Cuando flaqueaba, uno de los guardias, sin una palabra, me agarraba la cabeza y la golpeaba contra los escalones de piedra, un crujido nauseabundo resonando en el silencio. -Las instrucciones del patrón -gruñía, su rostro impasible-. Sin atajos en la penitencia.
Horas después, con el sol ya hundiéndose bajo el horizonte, llegué a la cima. Mi cuerpo era una masa de heridas crudas y sangrantes, mi rostro surcado de tierra y lágrimas. Mi ropa estaba rota, mi piel erosionada. Me quedé allí, tambaleándome, un recipiente roto y vacío.
Bruno y Ximena esperaban, flanqueados por el Maestro, que me observaba con una sonrisa inquietante y cómplice. Bruno, al verme, frunció el ceño, un destello de algo, quizás preocupación, en sus ojos. Dio un paso vacilante hacia adelante.
-Bruno -dije, mi voz ronca, desconocida incluso para mí. Había usado su nombre completo, una cruda desviación del cariñoso apelativo que una vez le reservé-. ¿Qué más quieres?
Hizo una mueca, un sutil cambio en su comportamiento por lo demás compuesto. Ximena, viendo su oportunidad, se apresuró hacia adelante, una imagen de frágil gratitud. -Oh, Amelia, gracias -dijo con voz melosa, agarrando el brazo de Bruno-. Ya me siento mucho mejor.
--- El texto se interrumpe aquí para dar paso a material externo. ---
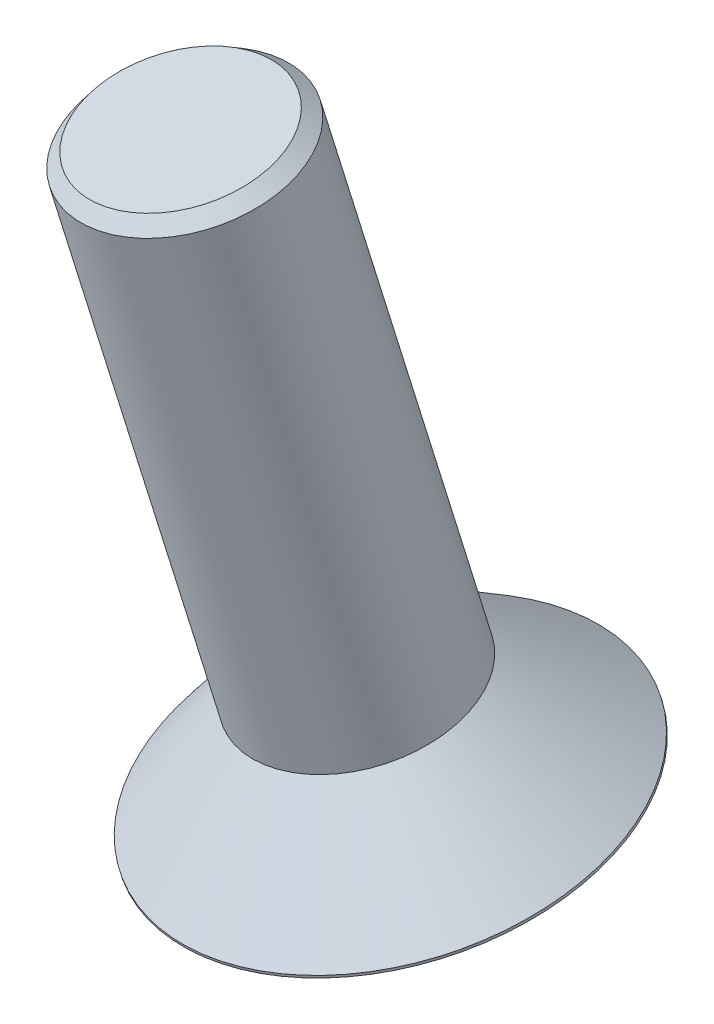
ISO-10303-21;
HEADER;
FILE_DESCRIPTION(('STEP AP214'),'2;1');
FILE_NAME('part.step','',(''),(''),'','','');
FILE_SCHEMA(('AUTOMOTIVE_DESIGN { 1 0 10303 214 1 1 1 1 }'));
ENDSEC;
DATA;
#1=APPLICATION_CONTEXT('core data for automotive mechanical design processes');
#2=APPLICATION_PROTOCOL_DEFINITION('international standard','automotive_design',2000,#1);
#3=PRODUCT_CONTEXT('',#1,'mechanical');
#4=PRODUCT('Part','Part','',(#3));
#5=PRODUCT_RELATED_PRODUCT_CATEGORY('part','',(#4));
#6=PRODUCT_DEFINITION_FORMATION('','',#4);
#7=PRODUCT_DEFINITION_CONTEXT('part definition',#1,'design');
#8=PRODUCT_DEFINITION('design','',#6,#7);
#9=PRODUCT_DEFINITION_SHAPE('','',#8);
#10=(LENGTH_UNIT() NAMED_UNIT(*) SI_UNIT(.MILLI.,.METRE.));
#11=(NAMED_UNIT(*) PLANE_ANGLE_UNIT() SI_UNIT($,.RADIAN.));
#12=(NAMED_UNIT(*) SI_UNIT($,.STERADIAN.) SOLID_ANGLE_UNIT());
#13=UNCERTAINTY_MEASURE_WITH_UNIT(LENGTH_MEASURE(1.E-05),#10,'distance_accuracy_value','');
#14=(GEOMETRIC_REPRESENTATION_CONTEXT(3) GLOBAL_UNCERTAINTY_ASSIGNED_CONTEXT((#13)) GLOBAL_UNIT_ASSIGNED_CONTEXT((#10,
#11,#12)) REPRESENTATION_CONTEXT('',''));
#15=CARTESIAN_POINT('',(0.,0.,0.));
#16=DIRECTION('',(0.,0.,1.));
#17=DIRECTION('',(1.,0.,0.));
#18=AXIS2_PLACEMENT_3D('',#15,#16,#17);
#19=CARTESIAN_POINT('',(1997.76747269297,587.683550072976,945.031482962225));
#20=DIRECTION('',(0.106047429691003,-0.967562635539971,-0.229295636597989));
#21=DIRECTION('',(0.,0.230595950426546,-0.973049591566061));
#22=AXIS2_PLACEMENT_3D('',#19,#20,#21);
#23=CYLINDRICAL_SURFACE('',#22,4.00000000245544);
#24=CARTESIAN_POINT('',(1997.74483231725,587.890117848009,945.080435957862));
#25=DIRECTION('',(-0.106047429690788,0.967562635540018,0.229295636597891));
#26=DIRECTION('',(0.,-0.230595950426442,0.973049591566086));
#27=AXIS2_PLACEMENT_3D('',#24,#25,#26);
#28=CIRCLE('',#27,4.00000000245544);
#29=CARTESIAN_POINT('',(1997.74483231725,586.967734045737,948.972634326516));
#30=VERTEX_POINT('',#29);
#31=EDGE_CURVE('E143',#30,#30,#28,.F.);
#32=ORIENTED_EDGE('',*,*,#31,.T.);
#33=EDGE_LOOP('',(#32));
#34=FACE_BOUND('',#33,.T.);
#35=CARTESIAN_POINT('',(1999.90819975606,568.151841240632,940.402805245604));
#36=DIRECTION('',(0.106047429691003,-0.967562635539971,-0.229295636597989));
#37=DIRECTION('',(0.,0.230595950426546,-0.973049591566061));
#38=AXIS2_PLACEMENT_3D('',#35,#36,#37);
#39=CIRCLE('',#38,4.00000000245546);
#40=CARTESIAN_POINT('',(1999.90819975606,569.074225042904,936.51060687695));
#41=VERTEX_POINT('',#40);
#42=EDGE_CURVE('E110',#41,#41,#39,.T.);
#43=ORIENTED_EDGE('',*,*,#42,.F.);
#44=EDGE_LOOP('',(#43));
#45=FACE_BOUND('',#44,.T.);
#46=ADVANCED_FACE('F31',(#34,#45),#23,.T.);
#47=CARTESIAN_POINT('',(2000.33238947455,564.281590701007,939.485622699812));
#48=DIRECTION('',(0.106047429691003,-0.967562635539971,-0.229295636597989));
#49=DIRECTION('',(0.,0.230595950426546,-0.973049591566061));
#50=AXIS2_PLACEMENT_3D('',#47,#48,#49);
#51=CONICAL_SURFACE('',#50,8.00000000000043,0.785398163418129);
#52=ORIENTED_EDGE('',*,*,#42,.T.);
#53=EDGE_LOOP('',(#52));
#54=FACE_BOUND('',#53,.T.);
#55=CARTESIAN_POINT('',(2000.33238947455,564.281590701007,939.485622699812));
#56=DIRECTION('',(0.106047429691003,-0.967562635539971,-0.229295636597989));
#57=DIRECTION('',(0.,0.230595950426546,-0.973049591566061));
#58=AXIS2_PLACEMENT_3D('',#55,#56,#57);
#59=CIRCLE('',#58,8.00000000000056);
#60=CARTESIAN_POINT('',(2000.33238947455,566.12635830442,931.701225967283));
#61=VERTEX_POINT('',#60);
#62=EDGE_CURVE('E128',#61,#61,#59,.T.);
#63=ORIENTED_EDGE('',*,*,#62,.F.);
#64=EDGE_LOOP('',(#63));
#65=FACE_BOUND('',#64,.T.);
#66=ADVANCED_FACE('F241',(#54,#65),#51,.T.);
#67=CARTESIAN_POINT('',(1997.76747269297,587.683550072976,945.031482962225));
#68=DIRECTION('',(0.106047429691003,-0.967562635539971,-0.229295636597989));
#69=DIRECTION('',(0.,0.230595950426546,-0.973049591566061));
#70=AXIS2_PLACEMENT_3D('',#67,#68,#69);
#71=CYLINDRICAL_SURFACE('',#70,8.00000000000043);
#72=ORIENTED_EDGE('',*,*,#62,.T.);
#73=EDGE_LOOP('',(#72));
#74=FACE_BOUND('',#73,.T.);
#75=CARTESIAN_POINT('',(2000.3429942176,564.184834436727,939.462693135981));
#76=DIRECTION('',(0.106047429691003,-0.967562635539971,-0.229295636597989));
#77=DIRECTION('',(0.,0.230595950426546,-0.973049591566061));
#78=AXIS2_PLACEMENT_3D('',#75,#76,#77);
#79=CIRCLE('',#78,8.00000000000049);
#80=CARTESIAN_POINT('',(2000.3429942176,566.02960204014,931.678296403452));
#81=VERTEX_POINT('',#80);
#82=EDGE_CURVE('E124',#81,#81,#79,.T.);
#83=ORIENTED_EDGE('',*,*,#82,.F.);
#84=EDGE_LOOP('',(#83));
#85=FACE_BOUND('',#84,.T.);
#86=ADVANCED_FACE('F246',(#74,#85),#71,.T.);
#87=CARTESIAN_POINT('',(2000.3429942176,564.184834436727,939.46269313598));
#88=DIRECTION('',(0.106047429691003,-0.967562635539971,-0.229295636597989));
#89=DIRECTION('',(0.,0.230595950426546,-0.973049591566061));
#90=AXIS2_PLACEMENT_3D('',#87,#88,#89);
#91=PLANE('',#90);
#92=DIRECTION('',(-0.144437833130114,-0.243139218826751,0.959177268615658));
#93=VECTOR('',#92,1.);
#94=CARTESIAN_POINT('',(2003.42796549745,565.409156434445,935.723176079897));
#95=LINE('',#94,#93);
#96=CARTESIAN_POINT('',(2003.01100938872,564.707273968019,938.492082348022));
#97=VERTEX_POINT('',#96);
#98=CARTESIAN_POINT('',(2002.59405327908,564.005391500068,941.260988622161));
#99=VERTEX_POINT('',#98);
#100=EDGE_CURVE('E130',#97,#99,#95,.T.);
#101=ORIENTED_EDGE('',*,*,#100,.F.);
#102=DIRECTION('',(0.779789734366311,-0.0621608564266816,0.622947829360709));
#103=VECTOR('',#102,1.);
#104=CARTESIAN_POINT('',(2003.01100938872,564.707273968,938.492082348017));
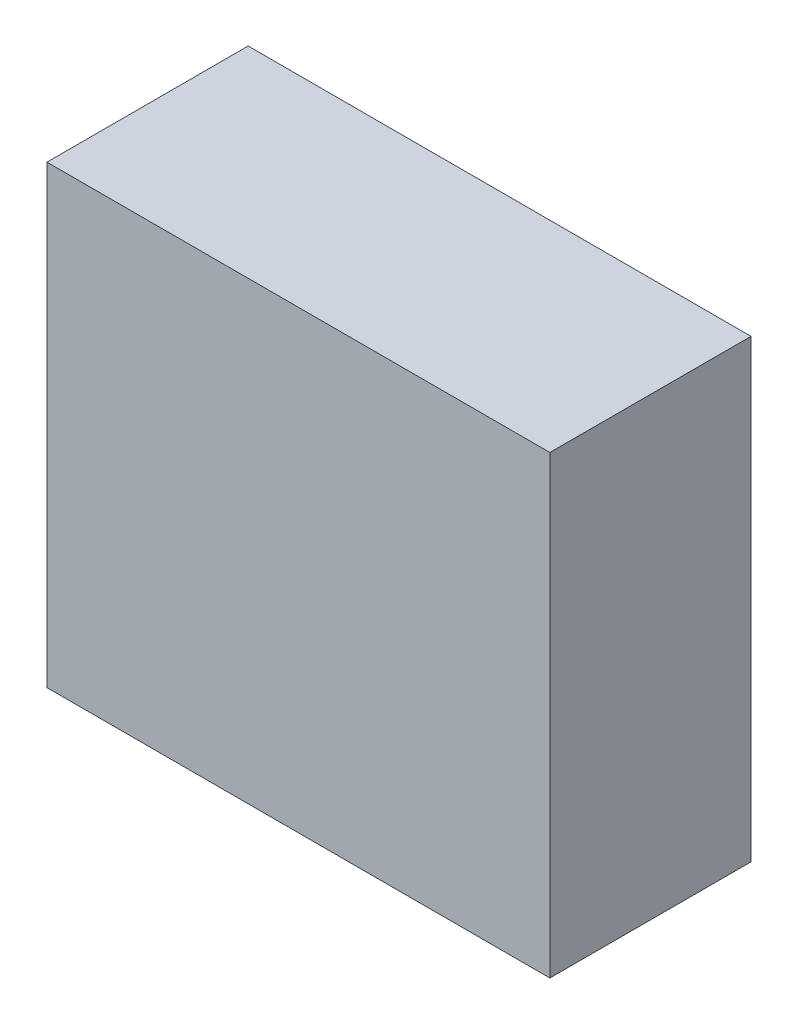
ISO-10303-21;
HEADER;
FILE_DESCRIPTION(('STEP AP214'),'2;1');
FILE_NAME('part.step','',(''),(''),'','','');
FILE_SCHEMA(('AUTOMOTIVE_DESIGN { 1 0 10303 214 1 1 1 1 }'));
ENDSEC;
DATA;
#1=APPLICATION_CONTEXT('core data for automotive mechanical design processes');
#2=APPLICATION_PROTOCOL_DEFINITION('international standard','automotive_design',2000,#1);
#3=PRODUCT_CONTEXT('',#1,'mechanical');
#4=PRODUCT('Part','Part','',(#3));
#5=PRODUCT_RELATED_PRODUCT_CATEGORY('part','',(#4));
#6=PRODUCT_DEFINITION_FORMATION('','',#4);
#7=PRODUCT_DEFINITION_CONTEXT('part definition',#1,'design');
#8=PRODUCT_DEFINITION('design','',#6,#7);
#9=PRODUCT_DEFINITION_SHAPE('','',#8);
#10=(LENGTH_UNIT() NAMED_UNIT(*) SI_UNIT(.MILLI.,.METRE.));
#11=(NAMED_UNIT(*) PLANE_ANGLE_UNIT() SI_UNIT($,.RADIAN.));
#12=(NAMED_UNIT(*) SI_UNIT($,.STERADIAN.) SOLID_ANGLE_UNIT());
#13=UNCERTAINTY_MEASURE_WITH_UNIT(LENGTH_MEASURE(1.E-05),#10,'distance_accuracy_value','');
#14=(GEOMETRIC_REPRESENTATION_CONTEXT(3) GLOBAL_UNCERTAINTY_ASSIGNED_CONTEXT((#13)) GLOBAL_UNIT_ASSIGNED_CONTEXT((#10,
#11,#12)) REPRESENTATION_CONTEXT('',''));
#15=CARTESIAN_POINT('',(0.,0.,0.));
#16=DIRECTION('',(0.,0.,1.));
#17=DIRECTION('',(1.,0.,0.));
#18=AXIS2_PLACEMENT_3D('',#15,#16,#17);
#19=CARTESIAN_POINT('',(-12.6330612244898,-10.9338775510204,8.));
#20=DIRECTION('',(1.,0.,0.));
#21=DIRECTION('',(0.,0.,-1.));
#22=AXIS2_PLACEMENT_3D('',#19,#20,#21);
#23=PLANE('',#22);
#24=DIRECTION('',(0.,-1.,0.));
#25=VECTOR('',#24,1.);
#26=CARTESIAN_POINT('',(-12.6330612244898,-10.9338775510204,0.));
#27=LINE('',#26,#25);
#28=CARTESIAN_POINT('',(-12.6330612244898,7.16612244897959,0.));
#29=VERTEX_POINT('',#28);
#30=CARTESIAN_POINT('',(-12.6330612244898,-10.9338775510204,0.));
#31=VERTEX_POINT('',#30);
#32=EDGE_CURVE('E96',#29,#31,#27,.T.);
#33=ORIENTED_EDGE('',*,*,#32,.T.);
#34=DIRECTION('',(0.,0.,-1.));
#35=VECTOR('',#34,1.);
#36=CARTESIAN_POINT('',(-12.6330612244898,-10.9338775510204,8.));
#37=LINE('',#36,#35);
#38=CARTESIAN_POINT('',(-12.6330612244898,-10.9338775510204,8.));
#39=VERTEX_POINT('',#38);
#40=EDGE_CURVE('E11',#39,#31,#37,.T.);
#41=ORIENTED_EDGE('',*,*,#40,.F.);
#42=DIRECTION('',(0.,-1.,0.));
#43=VECTOR('',#42,1.);
#44=CARTESIAN_POINT('',(-12.6330612244898,-10.9338775510204,8.));
#45=LINE('',#44,#43);
#46=CARTESIAN_POINT('',(-12.6330612244898,7.16612244897959,8.));
#47=VERTEX_POINT('',#46);
#48=EDGE_CURVE('E84',#47,#39,#45,.T.);
#49=ORIENTED_EDGE('',*,*,#48,.F.);
#50=DIRECTION('',(0.,0.,-1.));
#51=VECTOR('',#50,1.);
#52=CARTESIAN_POINT('',(-12.6330612244898,7.16612244897959,8.));
#53=LINE('',#52,#51);
#54=EDGE_CURVE('E92',#47,#29,#53,.T.);
#55=ORIENTED_EDGE('',*,*,#54,.T.);
#56=EDGE_LOOP('',(#33,#41,#49,#55));
#57=FACE_BOUND('',#56,.T.);
#58=ADVANCED_FACE('F33',(#57),#23,.F.);
#59=CARTESIAN_POINT('',(-12.6330612244898,-10.9338775510204,8.));
#60=DIRECTION('',(0.,1.,0.));
#61=DIRECTION('',(0.,0.,1.));
#62=AXIS2_PLACEMENT_3D('',#59,#60,#61);
#63=PLANE('',#62);
#64=DIRECTION('',(1.,0.,0.));
#65=VECTOR('',#64,1.);
#66=CARTESIAN_POINT('',(-12.6330612244898,-10.9338775510204,0.));
#67=LINE('',#66,#65);
#68=CARTESIAN_POINT('',(7.3669387755102,-10.9338775510204,0.));
#69=VERTEX_POINT('',#68);
#70=EDGE_CURVE('E88',#31,#69,#67,.T.);
#71=ORIENTED_EDGE('',*,*,#70,.T.);
#72=DIRECTION('',(0.,0.,-1.));
#73=VECTOR('',#72,1.);
#74=CARTESIAN_POINT('',(7.3669387755102,-10.9338775510204,8.));
#75=LINE('',#74,#73);
#76=CARTESIAN_POINT('',(7.3669387755102,-10.9338775510204,8.));
#77=VERTEX_POINT('',#76);
#78=EDGE_CURVE('E41',#77,#69,#75,.T.);
#79=ORIENTED_EDGE('',*,*,#78,.F.);
#80=DIRECTION('',(1.,0.,0.));
#81=VECTOR('',#80,1.);
#82=CARTESIAN_POINT('',(-12.6330612244898,-10.9338775510204,8.));
#83=LINE('',#82,#81);
#84=EDGE_CURVE('E79',#39,#77,#83,.T.);
#85=ORIENTED_EDGE('',*,*,#84,.F.);
#86=ORIENTED_EDGE('',*,*,#40,.T.);
#87=EDGE_LOOP('',(#71,#79,#85,#86));
#88=FACE_BOUND('',#87,.T.);
#89=ADVANCED_FACE('F87',(#88),#63,.F.);
#90=CARTESIAN_POINT('',(7.3669387755102,-10.9338775510204,8.));
#91=DIRECTION('',(-1.,0.,0.));
#92=DIRECTION('',(0.,0.,1.));
#93=AXIS2_PLACEMENT_3D('',#90,#91,#92);
#94=PLANE('',#93);
#95=DIRECTION('',(0.,1.,0.));
#96=VECTOR('',#95,1.);
#97=CARTESIAN_POINT('',(7.3669387755102,-10.9338775510204,0.));
#98=LINE('',#97,#96);
#99=CARTESIAN_POINT('',(7.3669387755102,7.16612244897959,0.));
#100=VERTEX_POINT('',#99);
#101=EDGE_CURVE('E66',#69,#100,#98,.T.);
#102=ORIENTED_EDGE('',*,*,#101,.T.);
#103=DIRECTION('',(0.,0.,-1.));
#104=VECTOR('',#103,1.);
#105=CARTESIAN_POINT('',(7.3669387755102,7.16612244897959,8.));
#106=LINE('',#105,#104);
#107=CARTESIAN_POINT('',(7.3669387755102,7.16612244897959,8.));
#108=VERTEX_POINT('',#107);
#109=EDGE_CURVE('E89',#108,#100,#106,.T.);
#110=ORIENTED_EDGE('',*,*,#109,.F.);
#111=DIRECTION('',(0.,1.,0.));
#112=VECTOR('',#111,1.);
#113=CARTESIAN_POINT('',(7.3669387755102,-10.9338775510204,8.));
#114=LINE('',#113,#112);
#115=EDGE_CURVE('E82',#77,#108,#114,.T.);
#116=ORIENTED_EDGE('',*,*,#115,.F.);
#117=ORIENTED_EDGE('',*,*,#78,.T.);
#118=EDGE_LOOP('',(#102,#110,#116,#117));
#119=FACE_BOUND('',#118,.T.);
#120=ADVANCED_FACE('F90',(#119),#94,.F.);
#121=CARTESIAN_POINT('',(-12.6330612244898,7.16612244897959,8.));
#122=DIRECTION('',(0.,-1.,0.));
#123=DIRECTION('',(0.,0.,-1.));
#124=AXIS2_PLACEMENT_3D('',#121,#122,#123);
#125=PLANE('',#124);
#126=DIRECTION('',(-1.,0.,0.));
#127=VECTOR('',#126,1.);
#128=CARTESIAN_POINT('',(-12.6330612244898,7.16612244897959,0.));
#129=LINE('',#128,#127);
#130=EDGE_CURVE('E72',#100,#29,#129,.T.);
#131=ORIENTED_EDGE('',*,*,#130,.T.);
#132=ORIENTED_EDGE('',*,*,#54,.F.);
#133=DIRECTION('',(-1.,0.,0.));
#134=VECTOR('',#133,1.);
#135=CARTESIAN_POINT('',(-12.6330612244898,7.16612244897959,8.));
#136=LINE('',#135,#134);
#137=EDGE_CURVE('E49',#108,#47,#136,.T.);
#138=ORIENTED_EDGE('',*,*,#137,.F.);
#139=ORIENTED_EDGE('',*,*,#109,.T.);
#140=EDGE_LOOP('',(#131,#132,#138,#139));
#141=FACE_BOUND('',#140,.T.);
#142=ADVANCED_FACE('F103',(#141),#125,.F.);
#143=CARTESIAN_POINT('',(0.,0.,8.));
#144=DIRECTION('',(0.,0.,-1.));
#145=DIRECTION('',(-1.,0.,0.));
#146=AXIS2_PLACEMENT_3D('',#143,#144,#145);
#147=PLANE('',#146);
#148=ORIENTED_EDGE('',*,*,#48,.T.);
#149=ORIENTED_EDGE('',*,*,#84,.T.);
#150=ORIENTED_EDGE('',*,*,#115,.T.);
#151=ORIENTED_EDGE('',*,*,#137,.T.);
#152=EDGE_LOOP('',(#148,#149,#150,#151));
#153=FACE_BOUND('',#152,.T.);
#154=ADVANCED_FACE('F80',(#153),#147,.F.);
#155=CARTESIAN_POINT('',(0.,0.,0.));
#156=DIRECTION('',(0.,0.,-1.));
#157=DIRECTION('',(-1.,0.,0.));
#158=AXIS2_PLACEMENT_3D('',#155,#156,#157);
#159=PLANE('',#158);
#160=ORIENTED_EDGE('',*,*,#32,.F.);
#161=ORIENTED_EDGE('',*,*,#130,.F.);
#162=ORIENTED_EDGE('',*,*,#101,.F.);
#163=ORIENTED_EDGE('',*,*,#70,.F.);
#164=EDGE_LOOP('',(#160,#161,#162,#163));
#165=FACE_BOUND('',#164,.T.);
#166=ADVANCED_FACE('F106',(#165),#159,.T.);
#167=CLOSED_SHELL('',(#58,#89,#120,#142,#154,#166));
#168=MANIFOLD_SOLID_BREP('B2',#167);
#169=ADVANCED_BREP_SHAPE_REPRESENTATION('',(#18,#168),#14);
#170=SHAPE_DEFINITION_REPRESENTATION(#9,#169);
ENDSEC;
END-ISO-10303-21;

El Maestro dice que tus esfuerzos han purificado el aire.
Quería golpearla de nuevo, borrar esa sonrisa de suficiencia y falsa gratitud de su rostro. Pero estaba completamente agotada, demasiado cansada para siquiera levantar la mano. Simplemente me di la vuelta para irme, necesitando escapar de la sofocante hipocresía de su presencia.
Justo en ese momento, una alarma estridente y penetrante sonó desde un monitor cercano. Una voz crepitó a través de un altavoz: «¡Advertencia! ¡Se detectó un desprendimiento de rocas inestable! ¡Busquen refugio inmediato!».
Una enorme roca, desprendida por las vibraciones, vino rodando por la ladera de la montaña, directamente hacia nosotros. El caos estalló. La gente gritaba, dispersándose en todas direcciones.
Bruno, sin pensarlo dos veces, empujó a Ximena detrás de él, protegiéndola con su cuerpo. Era su protector, su héroe. Pero mientras se abalanzaba para salvarla, su brazo se balanceó ampliamente, golpeándome en el pecho. El impacto me envió volando hacia atrás, desequilibrada, directamente en el camino del proyectil que se aproximaba. Mi cabeza golpeó el suelo con un ruido sordo y nauseabundo, y luego, todo se volvió negro. Lo último que oí fue el estruendoso choque de la roca y el grito distante de Bruno, no de mi nombre, sino del de Ximena.